▶ _Data records_:
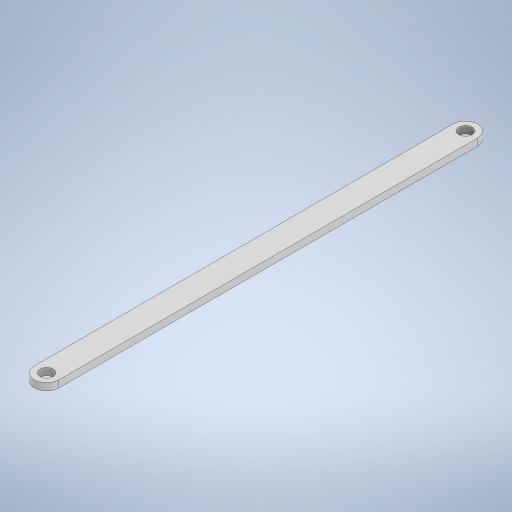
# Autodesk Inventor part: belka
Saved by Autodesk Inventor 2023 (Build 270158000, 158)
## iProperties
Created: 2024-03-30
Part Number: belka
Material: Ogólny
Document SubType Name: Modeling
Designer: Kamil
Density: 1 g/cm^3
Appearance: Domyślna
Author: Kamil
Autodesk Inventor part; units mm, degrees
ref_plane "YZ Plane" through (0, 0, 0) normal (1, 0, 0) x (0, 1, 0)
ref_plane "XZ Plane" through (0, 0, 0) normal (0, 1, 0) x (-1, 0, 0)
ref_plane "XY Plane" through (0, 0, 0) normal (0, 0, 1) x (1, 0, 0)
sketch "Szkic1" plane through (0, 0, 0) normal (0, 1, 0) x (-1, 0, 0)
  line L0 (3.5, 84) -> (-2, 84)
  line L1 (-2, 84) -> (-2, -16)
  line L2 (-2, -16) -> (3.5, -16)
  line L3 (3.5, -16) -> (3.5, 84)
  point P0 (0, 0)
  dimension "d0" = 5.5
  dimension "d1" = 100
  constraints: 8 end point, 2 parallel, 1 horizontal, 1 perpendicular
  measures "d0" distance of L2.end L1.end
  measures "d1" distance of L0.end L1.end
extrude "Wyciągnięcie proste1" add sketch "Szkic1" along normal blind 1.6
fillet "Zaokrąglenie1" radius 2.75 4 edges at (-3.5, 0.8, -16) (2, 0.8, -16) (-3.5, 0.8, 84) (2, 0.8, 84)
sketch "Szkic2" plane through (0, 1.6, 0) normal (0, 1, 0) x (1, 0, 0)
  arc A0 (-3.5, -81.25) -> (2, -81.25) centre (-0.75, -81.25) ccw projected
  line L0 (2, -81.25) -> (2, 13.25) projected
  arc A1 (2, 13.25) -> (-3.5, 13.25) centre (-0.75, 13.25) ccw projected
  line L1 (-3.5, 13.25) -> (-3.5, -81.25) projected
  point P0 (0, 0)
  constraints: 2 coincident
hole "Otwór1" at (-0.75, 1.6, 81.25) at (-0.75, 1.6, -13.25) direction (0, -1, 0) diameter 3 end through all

▶ _Work to complete_: Taking the line that contains "line L0 (3.5, 84) -> (-2, 84)" as the starting point, copy every line through the end of the listing exactly, and write nothing further.

▶ _Task output_:
  line L0 (3.5, 84) -> (-2, 84)
  line L1 (-2, 84) -> (-2, -16)
  line L2 (-2, -16) -> (3.5, -16)
  line L3 (3.5, -16) -> (3.5, 84)
  point P0 (0, 0)
  dimension "d0" = 5.5
  dimension "d1" = 100
  constraints: 8 end point, 2 parallel, 1 horizontal, 1 perpendicular
  measures "d0" distance of L2.end L1.end
  measures "d1" distance of L0.end L1.end
extrude "Wyciągnięcie proste1" add sketch "Szkic1" along normal blind 1.6
fillet "Zaokrąglenie1" radius 2.75 4 edges at (-3.5, 0.8, -16) (2, 0.8, -16) (-3.5, 0.8, 84) (2, 0.8, 84)
sketch "Szkic2" plane through (0, 1.6, 0) normal (0, 1, 0) x (1, 0, 0)
  arc A0 (-3.5, -81.25) -> (2, -81.25) centre (-0.75, -81.25) ccw projected
  line L0 (2, -81.25) -> (2, 13.25) projected
  arc A1 (2, 13.25) -> (-3.5, 13.25) centre (-0.75, 13.25) ccw projected
  line L1 (-3.5, 13.25) -> (-3.5, -81.25) projected
  point P0 (0, 0)
  constraints: 2 coincident
hole "Otwór1" at (-0.75, 1.6, 81.25) at (-0.75, 1.6, -13.25) direction (0, -1, 0) diameter 3 end through all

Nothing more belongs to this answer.